§ Information given
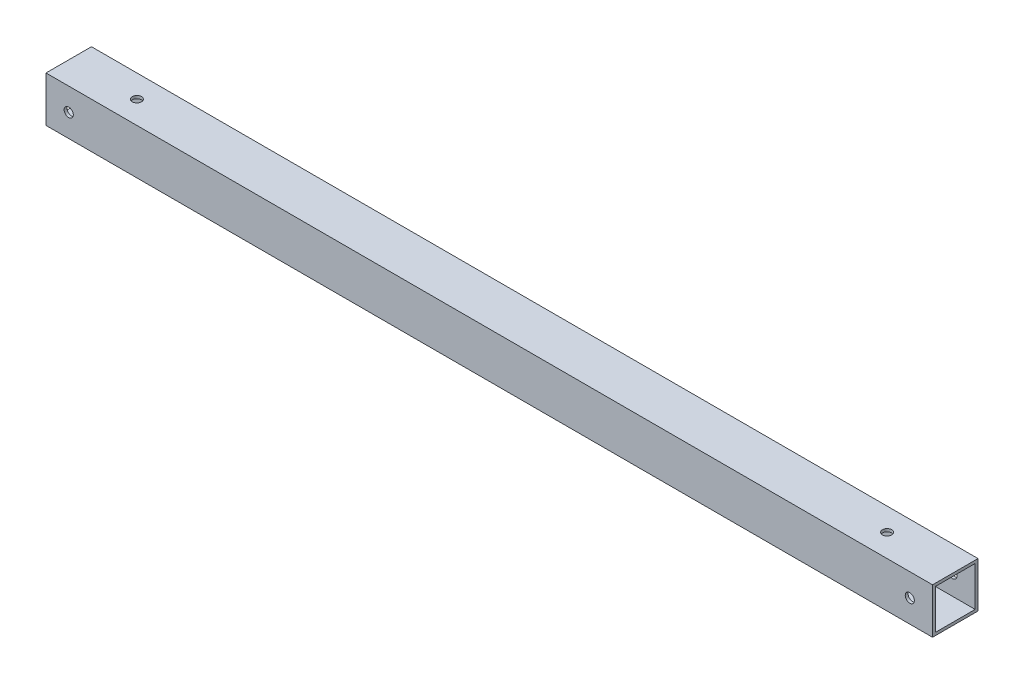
ISO-10303-21;
HEADER;
FILE_DESCRIPTION(('STEP AP214'),'2;1');
FILE_NAME('part.step','',(''),(''),'','','');
FILE_SCHEMA(('AUTOMOTIVE_DESIGN { 1 0 10303 214 1 1 1 1 }'));
ENDSEC;
DATA;
#1=APPLICATION_CONTEXT('core data for automotive mechanical design processes');
#2=APPLICATION_PROTOCOL_DEFINITION('international standard','automotive_design',2000,#1);
#3=PRODUCT_CONTEXT('',#1,'mechanical');
#4=PRODUCT('Part','Part','',(#3));
#5=PRODUCT_RELATED_PRODUCT_CATEGORY('part','',(#4));
#6=PRODUCT_DEFINITION_FORMATION('','',#4);
#7=PRODUCT_DEFINITION_CONTEXT('part definition',#1,'design');
#8=PRODUCT_DEFINITION('design','',#6,#7);
#9=PRODUCT_DEFINITION_SHAPE('','',#8);
#10=(LENGTH_UNIT() NAMED_UNIT(*) SI_UNIT(.MILLI.,.METRE.));
#11=(NAMED_UNIT(*) PLANE_ANGLE_UNIT() SI_UNIT($,.RADIAN.));
#12=(NAMED_UNIT(*) SI_UNIT($,.STERADIAN.) SOLID_ANGLE_UNIT());
#13=UNCERTAINTY_MEASURE_WITH_UNIT(LENGTH_MEASURE(1.E-05),#10,'distance_accuracy_value','');
#14=(GEOMETRIC_REPRESENTATION_CONTEXT(3) GLOBAL_UNCERTAINTY_ASSIGNED_CONTEXT((#13)) GLOBAL_UNIT_ASSIGNED_CONTEXT((#10,
#11,#12)) REPRESENTATION_CONTEXT('',''));
#15=CARTESIAN_POINT('',(0.,0.,0.));
#16=DIRECTION('',(0.,0.,1.));
#17=DIRECTION('',(1.,0.,0.));
#18=AXIS2_PLACEMENT_3D('',#15,#16,#17);
#19=CARTESIAN_POINT('',(495.3,0.,0.));
#20=DIRECTION('',(-1.,0.,0.));
#21=DIRECTION('',(0.,0.,1.));
#22=AXIS2_PLACEMENT_3D('',#19,#20,#21);
#23=PLANE('',#22);
#24=DIRECTION('',(0.,1.,0.));
#25=VECTOR('',#24,1.);
#26=CARTESIAN_POINT('',(495.3,-12.7,-12.7));
#27=LINE('',#26,#25);
#28=CARTESIAN_POINT('',(495.3,-12.7,-12.7));
#29=VERTEX_POINT('',#28);
#30=CARTESIAN_POINT('',(495.3,12.7,-12.7));
#31=VERTEX_POINT('',#30);
#32=EDGE_CURVE('E155',#29,#31,#27,.T.);
#33=ORIENTED_EDGE('',*,*,#32,.T.);
#34=DIRECTION('',(0.,0.,1.));
#35=VECTOR('',#34,1.);
#36=CARTESIAN_POINT('',(495.3,12.7,12.7));
#37=LINE('',#36,#35);
#38=CARTESIAN_POINT('',(495.3,12.7,12.7));
#39=VERTEX_POINT('',#38);
#40=EDGE_CURVE('E159',#31,#39,#37,.T.);
#41=ORIENTED_EDGE('',*,*,#40,.T.);
#42=DIRECTION('',(0.,-1.,0.));
#43=VECTOR('',#42,1.);
#44=CARTESIAN_POINT('',(495.3,-12.7,12.7));
#45=LINE('',#44,#43);
#46=CARTESIAN_POINT('',(495.3,-12.7,12.7));
#47=VERTEX_POINT('',#46);
#48=EDGE_CURVE('E163',#39,#47,#45,.T.);
#49=ORIENTED_EDGE('',*,*,#48,.T.);
#50=DIRECTION('',(0.,0.,-1.));
#51=VECTOR('',#50,1.);
#52=CARTESIAN_POINT('',(495.3,-12.7,12.7));
#53=LINE('',#52,#51);
#54=EDGE_CURVE('E166',#47,#29,#53,.T.);
#55=ORIENTED_EDGE('',*,*,#54,.T.);
#56=EDGE_LOOP('',(#33,#41,#49,#55));
#57=FACE_BOUND('',#56,.T.);
#58=DIRECTION('',(0.,1.,0.));
#59=VECTOR('',#58,1.);
#60=CARTESIAN_POINT('',(495.3,-11.1125,-11.1125));
#61=LINE('',#60,#59);
#62=CARTESIAN_POINT('',(495.3,-11.1125,-11.1125));
#63=VERTEX_POINT('',#62);
#64=CARTESIAN_POINT('',(495.3,11.1125,-11.1125));
#65=VERTEX_POINT('',#64);
#66=EDGE_CURVE('E104',#63,#65,#61,.T.);
#67=ORIENTED_EDGE('',*,*,#66,.F.);
#68=DIRECTION('',(0.,0.,-1.));
#69=VECTOR('',#68,1.);
#70=CARTESIAN_POINT('',(495.3,-11.1125,11.1125));
#71=LINE('',#70,#69);
#72=CARTESIAN_POINT('',(495.3,-11.1125,11.1125));
#73=VERTEX_POINT('',#72);
#74=EDGE_CURVE('E131',#73,#63,#71,.T.);
#75=ORIENTED_EDGE('',*,*,#74,.F.);
#76=DIRECTION('',(0.,-1.,0.));
#77=VECTOR('',#76,1.);
#78=CARTESIAN_POINT('',(495.3,-11.1125,11.1125));
#79=LINE('',#78,#77);
#80=CARTESIAN_POINT('',(495.3,11.1125,11.1125));
#81=VERTEX_POINT('',#80);
#82=EDGE_CURVE('E126',#81,#73,#79,.T.);
#83=ORIENTED_EDGE('',*,*,#82,.F.);
#84=DIRECTION('',(0.,0.,1.));
#85=VECTOR('',#84,1.);
#86=CARTESIAN_POINT('',(495.3,11.1125,11.1125));
#87=LINE('',#86,#85);
#88=EDGE_CURVE('E113',#65,#81,#87,.T.);
#89=ORIENTED_EDGE('',*,*,#88,.F.);
#90=EDGE_LOOP('',(#67,#75,#83,#89));
#91=FACE_BOUND('',#90,.T.);
#92=ADVANCED_FACE('F36',(#57,#91),#23,.F.);
#93=CARTESIAN_POINT('',(0.,0.,0.));
#94=DIRECTION('',(-1.,0.,0.));
#95=DIRECTION('',(0.,0.,1.));
#96=AXIS2_PLACEMENT_3D('',#93,#94,#95);
#97=PLANE('',#96);
#98=DIRECTION('',(0.,1.,0.));
#99=VECTOR('',#98,1.);
#100=CARTESIAN_POINT('',(0.,-12.7,-12.7));
#101=LINE('',#100,#99);
#102=CARTESIAN_POINT('',(0.,-12.7,-12.7));
#103=VERTEX_POINT('',#102);
#104=CARTESIAN_POINT('',(0.,12.7,-12.7));
#105=VERTEX_POINT('',#104);
#106=EDGE_CURVE('E122',#103,#105,#101,.T.);
#107=ORIENTED_EDGE('',*,*,#106,.F.);
#108=DIRECTION('',(0.,0.,-1.));
#109=VECTOR('',#108,1.);
#110=CARTESIAN_POINT('',(0.,-12.7,12.7));
#111=LINE('',#110,#109);
#112=CARTESIAN_POINT('',(0.,-12.7,12.7));
#113=VERTEX_POINT('',#112);
#114=EDGE_CURVE('E160',#113,#103,#111,.T.);
#115=ORIENTED_EDGE('',*,*,#114,.F.);
#116=DIRECTION('',(0.,-1.,0.));
#117=VECTOR('',#116,1.);
#118=CARTESIAN_POINT('',(0.,-12.7,12.7));
#119=LINE('',#118,#117);
#120=CARTESIAN_POINT('',(0.,12.7,12.7));
#121=VERTEX_POINT('',#120);
#122=EDGE_CURVE('E176',#121,#113,#119,.T.);
#123=ORIENTED_EDGE('',*,*,#122,.F.);
#124=DIRECTION('',(0.,0.,1.));
#125=VECTOR('',#124,1.);
#126=CARTESIAN_POINT('',(0.,12.7,12.7));
#127=LINE('',#126,#125);
#128=EDGE_CURVE('E173',#105,#121,#127,.T.);
#129=ORIENTED_EDGE('',*,*,#128,.F.);
#130=EDGE_LOOP('',(#107,#115,#123,#129));
#131=FACE_BOUND('',#130,.T.);
#132=DIRECTION('',(0.,0.,-1.));
#133=VECTOR('',#132,1.);
#134=CARTESIAN_POINT('',(0.,-11.1125,11.1125));
#135=LINE('',#134,#133);
#136=CARTESIAN_POINT('',(0.,-11.1125,11.1125));
#137=VERTEX_POINT('',#136);
#138=CARTESIAN_POINT('',(0.,-11.1125,-11.1125));
#139=VERTEX_POINT('',#138);
#140=EDGE_CURVE('E114',#137,#139,#135,.T.);
#141=ORIENTED_EDGE('',*,*,#140,.T.);
#142=DIRECTION('',(0.,1.,0.));
#143=VECTOR('',#142,1.);
#144=CARTESIAN_POINT('',(0.,-11.1125,-11.1125));
#145=LINE('',#144,#143);
#146=CARTESIAN_POINT('',(0.,11.1125,-11.1125));
#147=VERTEX_POINT('',#146);
#148=EDGE_CURVE('E62',#139,#147,#145,.T.);
#149=ORIENTED_EDGE('',*,*,#148,.T.);
#150=DIRECTION('',(0.,0.,1.));
#151=VECTOR('',#150,1.);
#152=CARTESIAN_POINT('',(0.,11.1125,11.1125));
#153=LINE('',#152,#151);
#154=CARTESIAN_POINT('',(0.,11.1125,11.1125));
#155=VERTEX_POINT('',#154);
#156=EDGE_CURVE('E120',#147,#155,#153,.T.);
#157=ORIENTED_EDGE('',*,*,#156,.T.);
#158=DIRECTION('',(0.,-1.,0.));
#159=VECTOR('',#158,1.);
#160=CARTESIAN_POINT('',(0.,-11.1125,11.1125));
#161=LINE('',#160,#159);
#162=EDGE_CURVE('E142',#155,#137,#161,.T.);
#163=ORIENTED_EDGE('',*,*,#162,.T.);
#164=EDGE_LOOP('',(#141,#149,#157,#163));
#165=FACE_BOUND('',#164,.T.);
#166=ADVANCED_FACE('F249',(#131,#165),#97,.T.);
#167=CARTESIAN_POINT('',(495.3,-12.7,-12.7));
#168=DIRECTION('',(0.,0.,1.));
#169=DIRECTION('',(1.,0.,0.));
#170=AXIS2_PLACEMENT_3D('',#167,#168,#169);
#171=PLANE('',#170);
#172=CARTESIAN_POINT('',(482.6,0.,-12.7));
#173=DIRECTION('',(0.,0.,1.));
#174=DIRECTION('',(1.,0.,0.));
#175=AXIS2_PLACEMENT_3D('',#172,#173,#174);
#176=CIRCLE('',#175,2.55270000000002);
#177=CARTESIAN_POINT('',(485.1527,0.,-12.7));
#178=VERTEX_POINT('',#177);
#179=EDGE_CURVE('E323',#178,#178,#176,.T.);
#180=ORIENTED_EDGE('',*,*,#179,.T.);
#181=EDGE_LOOP('',(#180));
#182=FACE_BOUND('',#181,.T.);
#183=CARTESIAN_POINT('',(12.7,0.,-12.7));
#184=DIRECTION('',(0.,0.,1.));
#185=DIRECTION('',(1.,0.,0.));
#186=AXIS2_PLACEMENT_3D('',#183,#184,#185);
#187=CIRCLE('',#186,2.55269999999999);
#188=CARTESIAN_POINT('',(15.2527,0.,-12.7));
#189=VERTEX_POINT('',#188);
#190=EDGE_CURVE('E342',#189,#189,#187,.T.);
#191=ORIENTED_EDGE('',*,*,#190,.T.);
#192=EDGE_LOOP('',(#191));
#193=FACE_BOUND('',#192,.T.);
#194=ORIENTED_EDGE('',*,*,#106,.T.);
#195=DIRECTION('',(-1.,0.,0.));
#196=VECTOR('',#195,1.);
#197=CARTESIAN_POINT('',(495.3,12.7,-12.7));
#198=LINE('',#197,#196);
#199=EDGE_CURVE('E11',#31,#105,#198,.T.);
#200=ORIENTED_EDGE('',*,*,#199,.F.);
#201=ORIENTED_EDGE('',*,*,#32,.F.);
#202=DIRECTION('',(-1.,0.,0.));
#203=VECTOR('',#202,1.);
#204=CARTESIAN_POINT('',(495.3,-12.7,-12.7));
#205=LINE('',#204,#203);
#206=EDGE_CURVE('E169',#29,#103,#205,.T.);
#207=ORIENTED_EDGE('',*,*,#206,.T.);
#208=EDGE_LOOP('',(#194,#200,#201,#207));
#209=FACE_BOUND('',#208,.T.);
#210=ADVANCED_FACE('F38',(#182,#193,#209),#171,.F.);
#211=CARTESIAN_POINT('',(495.3,12.7,12.7));
#212=DIRECTION('',(0.,-1.,0.));
#213=DIRECTION('',(0.,0.,-1.));
#214=AXIS2_PLACEMENT_3D('',#211,#212,#213);
#215=PLANE('',#214);
#216=CARTESIAN_POINT('',(38.1,12.7,0.));
#217=DIRECTION('',(0.,1.,0.));
#218=DIRECTION('',(0.,0.,1.));
#219=AXIS2_PLACEMENT_3D('',#216,#217,#218);
#220=CIRCLE('',#219,2.5527);
#221=CARTESIAN_POINT('',(38.1,12.7,2.5527));
#222=VERTEX_POINT('',#221);
#223=EDGE_CURVE('E209',#222,#222,#220,.T.);
#224=ORIENTED_EDGE('',*,*,#223,.F.);
#225=EDGE_LOOP('',(#224));
#226=FACE_BOUND('',#225,.T.);
#227=CARTESIAN_POINT('',(457.2,12.7,0.));
#228=DIRECTION('',(0.,1.,0.));
#229=DIRECTION('',(0.,0.,1.));
#230=AXIS2_PLACEMENT_3D('',#227,#228,#229);
#231=CIRCLE('',#230,2.55270000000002);
#232=CARTESIAN_POINT('',(457.2,12.7,2.55270000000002));
#233=VERTEX_POINT('',#232);
#234=EDGE_CURVE('E206',#233,#233,#231,.T.);
#235=ORIENTED_EDGE('',*,*,#234,.F.);
#236=EDGE_LOOP('',(#235));
#237=FACE_BOUND('',#236,.T.);
#238=ORIENTED_EDGE('',*,*,#128,.T.);
#239=DIRECTION('',(-1.,0.,0.));
#240=VECTOR('',#239,1.);
#241=CARTESIAN_POINT('',(495.3,12.7,12.7));
#242=LINE('',#241,#240);
#243=EDGE_CURVE('E46',#39,#121,#242,.T.);
#244=ORIENTED_EDGE('',*,*,#243,.F.);
#245=ORIENTED_EDGE('',*,*,#40,.F.);
#246=ORIENTED_EDGE('',*,*,#199,.T.);
#247=EDGE_LOOP('',(#238,#244,#245,#246));
#248=FACE_BOUND('',#247,.T.);
#249=ADVANCED_FACE('F262',(#226,#237,#248),#215,.F.);
#250=CARTESIAN_POINT('',(495.3,-12.7,12.7));
#251=DIRECTION('',(0.,0.,-1.));
#252=DIRECTION('',(-1.,0.,0.));
#253=AXIS2_PLACEMENT_3D('',#250,#251,#252);
#254=PLANE('',#253);
#255=CARTESIAN_POINT('',(482.6,0.,12.7));
#256=DIRECTION('',(0.,0.,1.));
#257=DIRECTION('',(1.,0.,0.));
#258=AXIS2_PLACEMENT_3D('',#255,#256,#257);
#259=CIRCLE('',#258,2.55269999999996);
#260=CARTESIAN_POINT('',(485.1527,0.,12.7));
#261=VERTEX_POINT('',#260);
#262=EDGE_CURVE('E325',#261,#261,#259,.T.);
#263=ORIENTED_EDGE('',*,*,#262,.F.);
#264=EDGE_LOOP('',(#263));
#265=FACE_BOUND('',#264,.T.);
#266=CARTESIAN_POINT('',(12.7,0.,12.7));
#267=DIRECTION('',(0.,0.,1.));
#268=DIRECTION('',(1.,0.,0.));
#269=AXIS2_PLACEMENT_3D('',#266,#267,#268);
#270=CIRCLE('',#269,2.55269999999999);
#271=CARTESIAN_POINT('',(15.2527,0.,12.7));
#272=VERTEX_POINT('',#271);
#273=EDGE_CURVE('E338',#272,#272,#270,.T.);
#274=ORIENTED_EDGE('',*,*,#273,.F.);
#275=EDGE_LOOP('',(#274));
#276=FACE_BOUND('',#275,.T.);
#277=ORIENTED_EDGE('',*,*,#122,.T.);
#278=DIRECTION('',(-1.,0.,0.));
#279=VECTOR('',#278,1.);
#280=CARTESIAN_POINT('',(495.3,-12.7,12.7));
#281=LINE('',#280,#279);
#282=EDGE_CURVE('E184',#47,#113,#281,.T.);
#283=ORIENTED_EDGE('',*,*,#282,.F.);
#284=ORIENTED_EDGE('',*,*,#48,.F.);
#285=ORIENTED_EDGE('',*,*,#243,.T.);
#286=EDGE_LOOP('',(#277,#283,#284,#285));
#287=FACE_BOUND('',#286,.T.);
#288=ADVANCED_FACE('F260',(#265,#276,#287),#254,.F.);
#289=CARTESIAN_POINT('',(495.3,-12.7,12.7));
#290=DIRECTION('',(0.,1.,0.));
#291=DIRECTION('',(0.,0.,1.));
#292=AXIS2_PLACEMENT_3D('',#289,#290,#291);
#293=PLANE('',#292);
#294=CARTESIAN_POINT('',(38.1,-12.7,0.));
#295=DIRECTION('',(0.,1.,0.));
#296=DIRECTION('',(0.,0.,1.));
#297=AXIS2_PLACEMENT_3D('',#294,#295,#296);
#298=CIRCLE('',#297,2.55269999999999);
#299=CARTESIAN_POINT('',(38.1,-12.7,2.55269999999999));
#300=VERTEX_POINT('',#299);
#301=EDGE_CURVE('E199',#300,#300,#298,.T.);
#302=ORIENTED_EDGE('',*,*,#301,.T.);
#303=EDGE_LOOP('',(#302));
#304=FACE_BOUND('',#303,.T.);
#305=CARTESIAN_POINT('',(457.2,-12.7,0.));
#306=DIRECTION('',(0.,1.,0.));
#307=DIRECTION('',(0.,0.,1.));
#308=AXIS2_PLACEMENT_3D('',#305,#306,#307);
#309=CIRCLE('',#308,2.55270000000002);
#310=CARTESIAN_POINT('',(457.2,-12.7,2.55270000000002));
#311=VERTEX_POINT('',#310);
#312=EDGE_CURVE('E194',#311,#311,#309,.T.);
#313=ORIENTED_EDGE('',*,*,#312,.T.);
#314=EDGE_LOOP('',(#313));
#315=FACE_BOUND('',#314,.T.);
#316=ORIENTED_EDGE('',*,*,#114,.T.);
#317=ORIENTED_EDGE('',*,*,#206,.F.);
#318=ORIENTED_EDGE('',*,*,#54,.F.);
#319=ORIENTED_EDGE('',*,*,#282,.T.);
#320=EDGE_LOOP('',(#316,#317,#318,#319));
#321=FACE_BOUND('',#320,.T.);
#322=ADVANCED_FACE('F244',(#304,#315,#321),#293,.F.);
#323=CARTESIAN_POINT('',(495.3,-11.1125,-11.1125));
#324=DIRECTION('',(0.,0.,1.));
#325=DIRECTION('',(1.,0.,0.));
#326=AXIS2_PLACEMENT_3D('',#323,#324,#325);
#327=PLANE('',#326);
#328=CARTESIAN_POINT('',(482.6,0.,-11.1125));
#329=DIRECTION('',(0.,0.,1.));
#330=DIRECTION('',(1.,0.,0.));
#331=AXIS2_PLACEMENT_3D('',#328,#329,#330);
#332=CIRCLE('',#331,2.55269999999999);
#333=CARTESIAN_POINT('',(485.1527,0.,-11.1125));
#334=VERTEX_POINT('',#333);
#335=EDGE_CURVE('E320',#334,#334,#332,.T.);
#336=ORIENTED_EDGE('',*,*,#335,.F.);
#337=EDGE_LOOP('',(#336));
#338=FACE_BOUND('',#337,.T.);
#339=CARTESIAN_POINT('',(12.7,0.,-11.1125));
#340=DIRECTION('',(0.,0.,1.));
#341=DIRECTION('',(1.,0.,0.));
#342=AXIS2_PLACEMENT_3D('',#339,#340,#341);
#343=CIRCLE('',#342,2.55269999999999);
#344=CARTESIAN_POINT('',(15.2527,0.,-11.1125));
#345=VERTEX_POINT('',#344);
#346=EDGE_CURVE('E216',#345,#345,#343,.T.);
#347=ORIENTED_EDGE('',*,*,#346,.F.);
#348=EDGE_LOOP('',(#347));
#349=FACE_BOUND('',#348,.T.);
#350=ORIENTED_EDGE('',*,*,#148,.F.);
#351=DIRECTION('',(-1.,0.,0.));
#352=VECTOR('',#351,1.);
#353=CARTESIAN_POINT('',(495.3,-11.1125,-11.1125));
#354=LINE('',#353,#352);
#355=EDGE_CURVE('E108',#63,#139,#354,.T.);
#356=ORIENTED_EDGE('',*,*,#355,.F.);
#357=ORIENTED_EDGE('',*,*,#66,.T.);
#358=DIRECTION('',(-1.,0.,0.));
#359=VECTOR('',#358,1.);
#360=CARTESIAN_POINT('',(495.3,11.1125,-11.1125));
#361=LINE('',#360,#359);
#362=EDGE_CURVE('E107',#65,#147,#361,.T.);
#363=ORIENTED_EDGE('',*,*,#362,.T.);
#364=EDGE_LOOP('',(#350,#356,#357,#363));
#365=FACE_BOUND('',#364,.T.);
#366=ADVANCED_FACE('F106',(#338,#349,#365),#327,.T.);
#367=CARTESIAN_POINT('',(495.3,11.1125,11.1125));
#368=DIRECTION('',(0.,-1.,0.));
#369=DIRECTION('',(0.,0.,-1.));
#370=AXIS2_PLACEMENT_3D('',#367,#368,#369);
#371=PLANE('',#370);
#372=CARTESIAN_POINT('',(38.1,11.1125,0.));
#373=DIRECTION('',(0.,-1.,0.));
#374=DIRECTION('',(0.,0.,-1.));
#375=AXIS2_PLACEMENT_3D('',#372,#373,#374);
#376=CIRCLE('',#375,2.55269999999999);
#377=CARTESIAN_POINT('',(38.1,11.1125,-2.55269999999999));
#378=VERTEX_POINT('',#377);
#379=EDGE_CURVE('E198',#378,#378,#376,.T.);
#380=ORIENTED_EDGE('',*,*,#379,.F.);
#381=EDGE_LOOP('',(#380));
#382=FACE_BOUND('',#381,.T.);
#383=CARTESIAN_POINT('',(457.2,11.1125,0.));
#384=DIRECTION('',(0.,-1.,0.));
#385=DIRECTION('',(0.,0.,-1.));
#386=AXIS2_PLACEMENT_3D('',#383,#384,#385);
#387=CIRCLE('',#386,2.55270000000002);
#388=CARTESIAN_POINT('',(457.2,11.1125,-2.55270000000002));
#389=VERTEX_POINT('',#388);
#390=EDGE_CURVE('E139',#389,#389,#387,.T.);
#391=ORIENTED_EDGE('',*,*,#390,.F.);
#392=EDGE_LOOP('',(#391));
#393=FACE_BOUND('',#392,.T.);
#394=ORIENTED_EDGE('',*,*,#156,.F.);
#395=ORIENTED_EDGE('',*,*,#362,.F.);
#396=ORIENTED_EDGE('',*,*,#88,.T.);
#397=DIRECTION('',(-1.,0.,0.));
#398=VECTOR('',#397,1.);
#399=CARTESIAN_POINT('',(495.3,11.1125,11.1125));
#400=LINE('',#399,#398);
#401=EDGE_CURVE('E123',#81,#155,#400,.T.);
#402=ORIENTED_EDGE('',*,*,#401,.T.);
#403=EDGE_LOOP('',(#394,#395,#396,#402));
#404=FACE_BOUND('',#403,.T.);
#405=ADVANCED_FACE('F117',(#382,#393,#404),#371,.T.);
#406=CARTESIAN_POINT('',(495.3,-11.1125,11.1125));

§ Work order
Retype, exactly and in full, the lines above from the one containing "#41=ORIENTED_EDGE('',*,*,#40,.T.);" through the one containing "#50=DIRECTION('',(0.,0.,-1.));".

§ Solved exercise
#41=ORIENTED_EDGE('',*,*,#40,.T.);
#42=DIRECTION('',(0.,-1.,0.));
#43=VECTOR('',#42,1.);
#44=CARTESIAN_POINT('',(495.3,-12.7,12.7));
#45=LINE('',#44,#43);
#46=CARTESIAN_POINT('',(495.3,-12.7,12.7));
#47=VERTEX_POINT('',#46);
#48=EDGE_CURVE('E163',#39,#47,#45,.T.);
#49=ORIENTED_EDGE('',*,*,#48,.T.);
#50=DIRECTION('',(0.,0.,-1.));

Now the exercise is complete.